Удивительную силу, исходившую даже от тени этого невзрачного Корсиканца, видит простой наполеоновский гренадер сержант Бургонь. Он догнал жалкие остатки своего полка накануне гениальной по замыслу и одновременно трагической переправы через Березину:
«За гренадерами шло более тридцати тысяч войска, почти все с отмороженными руками и ногами, большинство без оружия, так как они все равно не могли бы им пользоваться. Многие опирались на палки. Генералы и полковники, офицеры и солдаты, кавалеристы и пехотинцы всех национальностей – все шли вперемешку, закутанные в плащи, обгорелые и дырявые шубы, в куски разных тканей, в овчины, словом – во что попало, лишь бы хоть как-нибудь защититься от холода. Молча, без стонов и жалоб, стараясь быть готовыми отразить внезапную атаку врага. Присутствие Императора воодушевляло нас и внушало уверенность – он всегда умел находить способ, чтобы спасти нас. Это был все тот же великий гений, и как бы мы ни были несчастны, всюду с ним мы были уверены в победе».
Для воинственных поляков у Бонапарта, естественно, нашлись нужные слова: «Если поляки докажут, что они достойны иметь независимость, они ее получат». И поляки сражались за Наполеона по всему миру. Желая стать достойными свободы, они превосходили мужеством на поле боя самих французов. Собственно, поляков долго не пришлось уговаривать, потому что Наполеон был для них единственной призрачной надеждой, единственным человеком, способным собрать воедино полотно их государства, разорванное тремя могущественными европейскими державами.

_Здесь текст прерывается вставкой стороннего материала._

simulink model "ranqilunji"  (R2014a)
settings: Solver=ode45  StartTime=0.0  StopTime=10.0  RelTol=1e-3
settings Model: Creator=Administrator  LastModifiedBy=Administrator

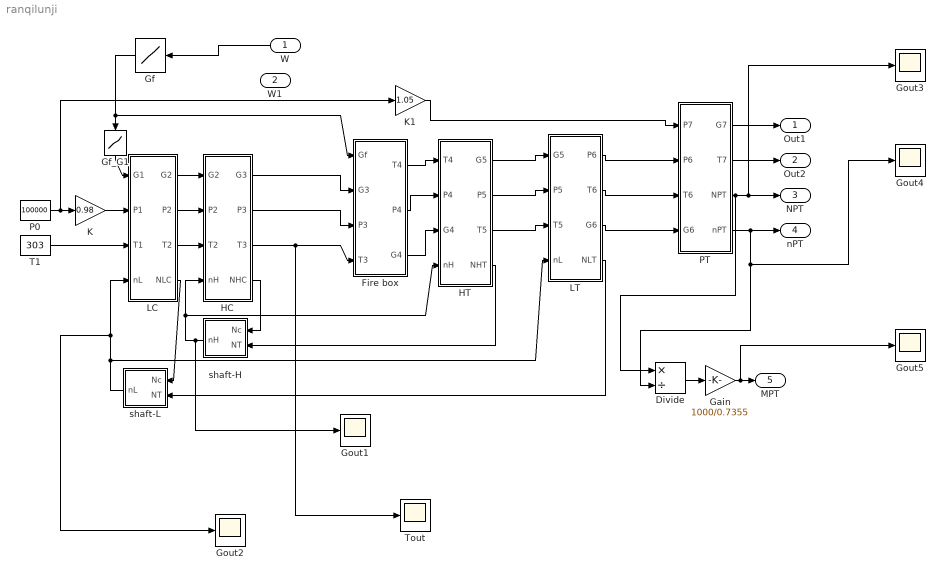
== system ranqilunji ==
  W : Inport
  W1 : Inport  Port=2
  Divide : Product  Inputs=*/
  Fire box : Subsystem
  Gain : Gain  Gain=1000/0.7355
  Gf : Lookup  InputValues=[0,0.03,0.07,0.09,0.11,0.13,0.17,0.2,0.23,0.26,0.28,0.3,0.32,0.34,0.35,0.38,0.4,0.42,0.44,0.47,0.49,0.5,0.52,0.54,0.55,0.59,0.61,0.64,0.66,0.68,0.7,0.72,0.74,0.77,0.81,0.83,0.85,0.88,0.93,0.95,0.97,1]  Table=[0.172,0.236,0.331,0.331,0.366,0.411,0.488,0.536,0.582,0.605,0.644,0.682,0.698,0.728,0.727,0.783,0.783,0.813,0.857,0.886,0.935,0.949,0.95,0.975,0.999,1.022,1.069,1.149,1.153,1.184,1.206,1.233,1.256,1.271,1.325,1.383,1.383,1.439,1.481,1.504,1.52,1.574]
  Gf_G1 : Lookup  InputValues=[0.172,0.236,0.331,0.366,0.411,0.488,0.536,0.582,0.605,0.644,0.682,0.698,0.727,0.728,0.783,0.813,0.857,0.886,0.935,0.949,0.95,0.975,0.999,1.022,1.069,1.149,1.153,1.184,1.206,1.233,1.256,1.271,1.325,1.383,1.439,1.481,1.504,1.52,1.574]  Table="[20.01, 25.93, 38.77,  43.65, 45.94, 51.85, 54.70, 56.85, 59.03, 61.91, 60.44, 61.58, 62.93, 63.04, 65.71,   67.00, 69.52, 70.63, 73.19, 73.46, 73.44, 73.83, 75.62, 76.39, 78.27, 81.17, 81.50, 82.44, 83.44, 84.31, 85.30, 86.17, 87.93, 89.72, 91.51, 93.65, 94.63, 94.92, 97.64]"
  Gout{1..5} (5 alike) : Scope
      Gout1 settings: TimeRange=10
      Gout2 settings: TimeRange=10  SaveName=ScopeData3
      Gout3 settings: TimeRange=10  SaveName=ScopeData21
      Gout4 settings: TimeRange=10  SaveName=ScopeData2
      Gout5 settings: TimeRange=10  SaveName=ScopeData5
  HC : Subsystem
  HT : Subsystem
  K : Gain  Gain=0.98
  K1 : Gain  Gain=1.05
  LC : Subsystem
  LT : Subsystem
  P0 : Constant  Value=100000
  PT : Subsystem
  T1 : Constant  Value=303
  Tout : Scope
      settings: TimeRange=200  YMin=740  YMax=790
  shaft-H : Subsystem  mask(rotor module){J=30}
      mask prompts: J "J moment of inertia(Nm)"
      mask help: (pi^2*J*n/900)*(dn/dt)=NT-Nc
  shaft-L : Subsystem  mask(rotor module){J=15}
      mask prompts: J "J moment of inertia(Nm)"
      mask help: (pi^2*J*n/900)*(dn/dt)=NT-Nc
  Out1 : Outport
  Out2 : Outport  Port=2
  NPT : Outport  Port=3
  nPT : Outport  Port=4
  MPT : Outport  Port=5
  wires:
  T1/1 -> LC/3(T1)
  K/1 -> LC/2(P1)
  LC/1(G2) -> HC/1(G2)
  LC/2(P2) -> HC/2(P2)
  LC/3(T2) -> HC/3(T2)
  HC/1(G3) -> Fire box/2(G3)
  HC/2(P3) -> Fire box/3(P3)
  HC/3(T3) -> Fire box/4(T3), Tout/1
  HC/4(NHC) -> shaft-H/1(Nc)
  HT/4(NHT) -> shaft-H/2(NT)
  shaft-H/1(nH) -> HT/4(nH), HC/4(nH), Gout1/1
  LC/4(NLC) -> shaft-L/1(Nc)
  LT/4(NLT) -> shaft-L/2(NT)
  Gf/1 -> Gf_G1/1, Fire box/1(Gf)
  Gf_G1/1 -> LC/1(G1)
  Fire box/3(G4) -> HT/3(G4)
  Fire box/2(P4) -> HT/2(P4)
  HT/3(T5) -> LT/3(T5)
  HT/2(P5) -> LT/2(P5)
  HT/1(G5) -> LT/1(G5)
  LT/3(G6) -> PT/4(G6)
  LT/2(T6) -> PT/3(T6)
  shaft-L/1(nL) -> LT/4(nL), LC/4(nL), Gout2/1
  LT/1(P6) -> PT/2(P6)
  P0/1 -> K/1, K1/1
  Fire box/1(T4) -> HT/1(T4)
  K1/1 -> PT/1(P7)
  W/1 -> Gf/1
  PT/1(G7) -> Out1/1
  PT/2(T7) -> Out2/1
  PT/3(NPT) -> Gout3/1, NPT/1, Divide/1
  PT/4(nPT) -> nPT/1, Gout4/1, Divide/2
  Gain/1 -> Gout5/1, MPT/1
  Divide/1 -> Gain/1

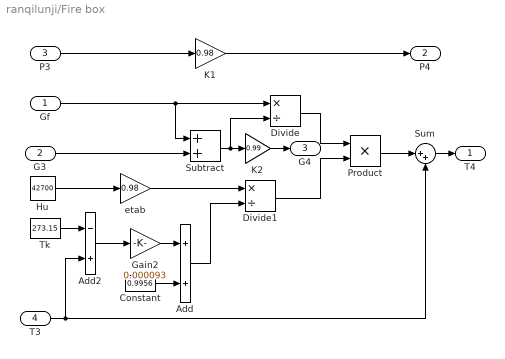
== system ranqilunji/Fire box ==
  Gf : Inport
  G3 : Inport  Port=2
  P3 : Inport  Port=3
  T3 : Inport  Port=4
  Add : Sum
  Add2 : Sum  Inputs=-+
  Constant : Constant  Value=0.9956
  Divide : Product  Inputs=*/
  Divide1 : Product  Inputs=*/
  Gain2 : Gain  Gain=0.000093
  Hu : Constant  Value=42700
  K1 : Gain  Gain=0.98
  K2 : Gain  Gain=0.99
  Product : Product  RndMeth=Zero
  Subtract : Sum
  Sum : Sum  Inputs=|++
  Tk : Constant  Value=273.15
  etab : Gain  Gain=0.98
  T4 : Outport
  P4 : Outport  Port=2
  G4 : Outport  Port=3
  wires:
  Gf/1 -> Divide/1, Subtract/1
  Divide/1 -> Product/1
  G3/1 -> Subtract/2
  Subtract/1 -> Divide/2, K2/1
  Hu/1 -> etab/1
  etab/1 -> Divide1/1
  Divide1/1 -> Product/2
  Product/1 -> Sum/1
  Sum/1 -> T4/1
  T3/1 -> Add2/2, Sum/2
  P3/1 -> K1/1
  K1/1 -> P4/1
  Constant/1 -> Add/2
  Gain2/1 -> Add/1
  Tk/1 -> Add2/1
  Add2/1 -> Gain2/1
  Add/1 -> Divide1/2
  K2/1 -> G4/1

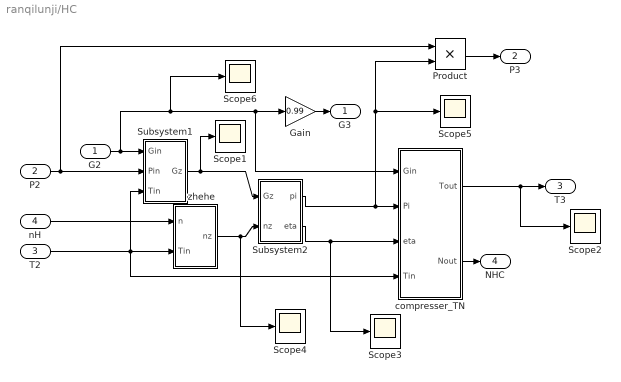
== system ranqilunji/HC ==
  G2 : Inport
  P2 : Inport  Port=2
  T2 : Inport  Port=3
  nH : Inport  Port=4
  Gain : Gain  Gain=0.99
  Product : Product  RndMeth=Zero
  Scope{1..6} (6 alike) : Scope
      Scope1 settings: YMin=2829.54  YMax=3127.38  SaveName=ScopeData16
      Scope2 settings: YMin=2829.54  YMax=3127.38  SaveName=ScopeData29
      Scope3 settings: YMin=2829.54  YMax=3127.38  SaveName=ScopeData24
      Scope4 settings: YMin=2829.54  YMax=3127.38  SaveName=ScopeData31
      Scope5 settings: YMin=2829.54  YMax=3127.38  SaveName=ScopeData10
      Scope6 settings: YMin=2829.54  YMax=3127.38  SaveName=ScopeData15
  Subsystem1 : Subsystem
  Subsystem2 : Subsystem
  compresser_TN : Subsystem  mask(Compressor_Tout Nout module){}
  zhehe : Subsystem
  G3 : Outport
  P3 : Outport  Port=2
  T3 : Outport  Port=3
  NHC : Outport  Port=4
  wires:
  zhehe/1(nz) -> Scope4/1, Subsystem2/2(nz)
  Subsystem2/1(pi) -> compresser_TN/2(Pi), Product/2, Scope5/1
  Subsystem2/2(eta) -> compresser_TN/3(eta), Scope3/1
  T2/1 -> zhehe/2(Tin), compresser_TN/4(Tin), Subsystem1/3(Tin)
  nH/1 -> zhehe/1(n)
  Gain/1 -> G3/1
  compresser_TN/1(Tout) -> T3/1, Scope2/1
  compresser_TN/2(Nout) -> NHC/1
  Subsystem1/1(Gz) -> Scope1/1, Subsystem2/1(Gz)
  G2/1 -> Subsystem1/1(Gin), Gain/1, compresser_TN/1(Gin), Scope6/1
  P2/1 -> Subsystem1/2(Pin), Product/1
  Product/1 -> P3/1

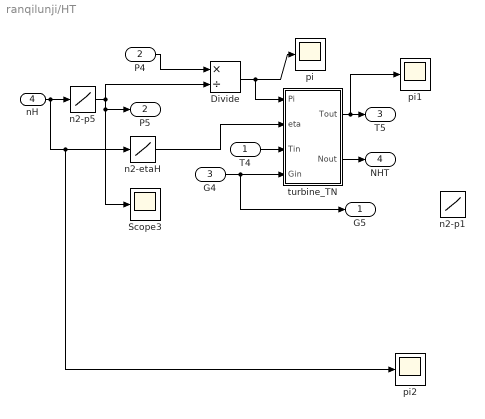
== system ranqilunji/HT ==
  T4 : Inport
  P4 : Inport  Port=2
  G4 : Inport  Port=3
  nH : Inport  Port=4
  Divide : Product  Inputs=*/
  Scope3 : Scope
      settings: TimeRange=100  YMin=5000  YMax=25000  SaveName=ScopeData34
  n2-etaH : Lookup  InputValues=[6000 6300 6500 6800 7000 7150 7300 7500 7800]  Table=[0.81 0.83 0.85 0.87 0.88 0.87 0.86 0.855 0.85]
  n2-p1 : Lookup  InputValues=[6000 6503 6995 7498 8002 8505 8997 9500]  Table=[139400 150700 186000 246700 332500 443400 575800 736100]
  n2-p5 : Lookup  InputValues=[5832,7212,7282,7644,7752,7853,8033,8092 8211 8392 8430 8452 8670 8767 8960 8999 9073]  Table=[154000,269000,296000,361000,391000,419000,476000,494000 534000 596000 609000 616000 684000 719000 806000 814000 831000]
  pi : Scope
      settings: TimeRange=100  YMin=2829.54  YMax=3127.38  SaveName=ScopeData17
  pi1 : Scope
      settings: TimeRange=100  YMin=2829.54  YMax=3127.38  SaveName=ScopeData7
  pi2 : Scope
      settings: TimeRange=100  YMin=2829.54  YMax=3127.38  SaveName=ScopeData35
  turbine_TN : Subsystem  mask(Turbine_Tout Nout module){}
  G5 : Outport
  P5 : Outport  Port=2
  T5 : Outport  Port=3
  NHT : Outport  Port=4
  wires:
  n2-etaH/1 -> turbine_TN/2(eta)
  P4/1 -> Divide/1
  nH/1 -> pi2/1, n2-etaH/1, n2-p5/1
  turbine_TN/1(Tout) -> T5/1, pi1/1
  T4/1 -> turbine_TN/3(Tin)
  turbine_TN/2(Nout) -> NHT/1
  G4/1 -> turbine_TN/4(Gin), G5/1
  Divide/1 -> turbine_TN/1(Pi), pi/1
  n2-p5/1 -> Divide/2, P5/1, Scope3/1

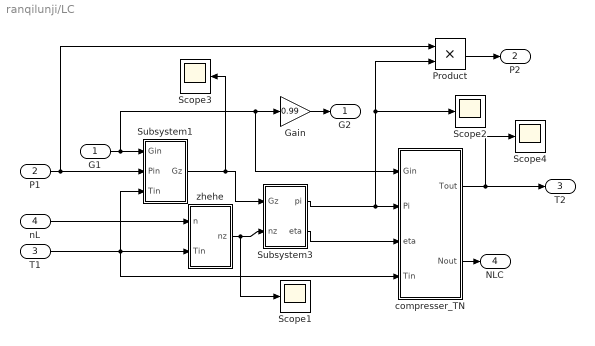
== system ranqilunji/LC ==
  G1 : Inport
  P1 : Inport  Port=2
  T1 : Inport  Port=3
  nL : Inport  Port=4
  Gain : Gain  Gain=0.99
  Product : Product  RndMeth=Zero
  Scope{1..4} (4 alike) : Scope
      Scope1 settings: YMin=2829.54  YMax=3127.38  SaveName=ScopeData14
      Scope2 settings: YMin=2829.54  YMax=3127.38  SaveName=ScopeData9
      Scope3 settings: YMin=2829.54  YMax=3127.38  SaveName=ScopeData30
      Scope4 settings: TimeRange=80  YMin=5000  YMax=30000  SaveName=ScopeData32
  Subsystem1 : Subsystem
  Subsystem3 : Subsystem
  compresser_TN : Subsystem  mask(Compressor_Tout Nout module){}
  zhehe : Subsystem
  G2 : Outport
  P2 : Outport  Port=2
  T2 : Outport  Port=3
  NLC : Outport  Port=4
  wires:
  zhehe/1(nz) -> Scope1/1, Subsystem3/2(nz)
  Subsystem3/1(pi) -> compresser_TN/2(Pi), Product/2, Scope2/1
  Subsystem3/2(eta) -> compresser_TN/3(eta)
  T1/1 -> zhehe/2(Tin), compresser_TN/4(Tin), Subsystem1/3(Tin)
  nL/1 -> zhehe/1(n)
  Gain/1 -> G2/1
  compresser_TN/1(Tout) -> T2/1, Scope4/1
  compresser_TN/2(Nout) -> NLC/1
  Subsystem1/1(Gz) -> Scope3/1, Subsystem3/1(Gz)
  G1/1 -> Subsystem1/1(Gin), Gain/1, compresser_TN/1(Gin)
  P1/1 -> Subsystem1/2(Pin), Product/1
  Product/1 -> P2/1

Парадоксально то, что Наполеон официально не обещал полякам создать для них независимое государство, и по важным причинам не мог вернуть им отторгнутые земли, но поляки пошли воевать за призрачную мечту, за обещание, которое не произнесли уста Наполеона – им просто почудились слова, которые очень хотелось услышать. Вслед за поляками Бонапарта дружно поддержало население бывшего Великого княжества Литовского. Так активно, что… поставило в тупик белорусских историков спустя двести лет. В России война с Наполеоном по праву и бесспорно называется «Отечественной» – потому что весь народ поднялся против завоевателей, все сословия встали плечом к плечу на защиту родины. В Беларуси ситуация совершенно иная: против французов воевали только те ее солдаты, которые были мобилизованы в российскую армию до начала войны. Наполеона же повсеместно встречали как освободителя, и в его армии белорусов воевало гораздо больше, чем в армии российской. А если война «Отечественная», то получается, что большинство населения белорусских земель предало свое отечество? Потому в 90-х г. XX ст. белорусские историки решили назвать нашествие французов лаконично, без прилагательного – «Война 1812 года».
Имеется один нюанс: в многочисленных мемуарах участников наполеоновского похода мы не встретим белорусов. Французы, немцы, итальянцы не подозревали о существовании такого народа; для них Польша заканчивалась где-то в районе Смоленска, и всех живших западнее этого города мемуаристы называют поляками, лишь изредка литовцами. Русские историки проявили поразительное единодушие с французскими мемуаристами; и у них белорусы именовались поляками. В последнем случае причина проста: братский белорусский народ не мог объединиться с врагом православного мира – пусть уж его представители будут именоваться поляками, вражда с которыми для России вполне привычна.
Некая непостижимая надежда на Францию у поляков зародилась задолго до появления Наполеона. В 1772 г. произошел первый раздел Речи Посполитой. В сентябре русский посол Штакельберг и прусский – Бенуа вручили полякам декларацию о разделе их страны. Реакция Варшавы была необъяснимой, непонятной, совсем неожиданной для русского посла.
«Штакельберг еще не привык к варшавским сюрпризам, – рассказывает С. М. Соловьев, – и потому не верил своим ушам, когда через два дня после приведенного разговора король призвал его опять к себе и объявил, что считает своею обязанностью отправить Браницкого в Париж с протестом против раздела.
– Мне ничего больше не остается, – отвечал Штакельберг, – как жалеть о вашем величестве и уведомить свой двор о вашем поступке. Чего вы, государь, ожидаете от Франции против трех держав, способных сокрушить всю Европу?
– Ничего, – отвечал король, – но я исполнил свою обязанность».
Штакельберг не нашел никакой угрозы в непонятной выходке польского короля, но уже спустя полтора десятилетия союз обиженных поляков и возбужденных революцией французов начал доставлять неприятности России. Сначала А. В. Суворову пришлось иметь дело с воинственными поляками на равнинах Италии и в негостеприимных Альпах, затем поляки боролись со своими обидчиками в составе наполеоновской армии на полях Австрии и Пруссии, и наконец, они приняли деятельное участие в Московском походе Наполеона.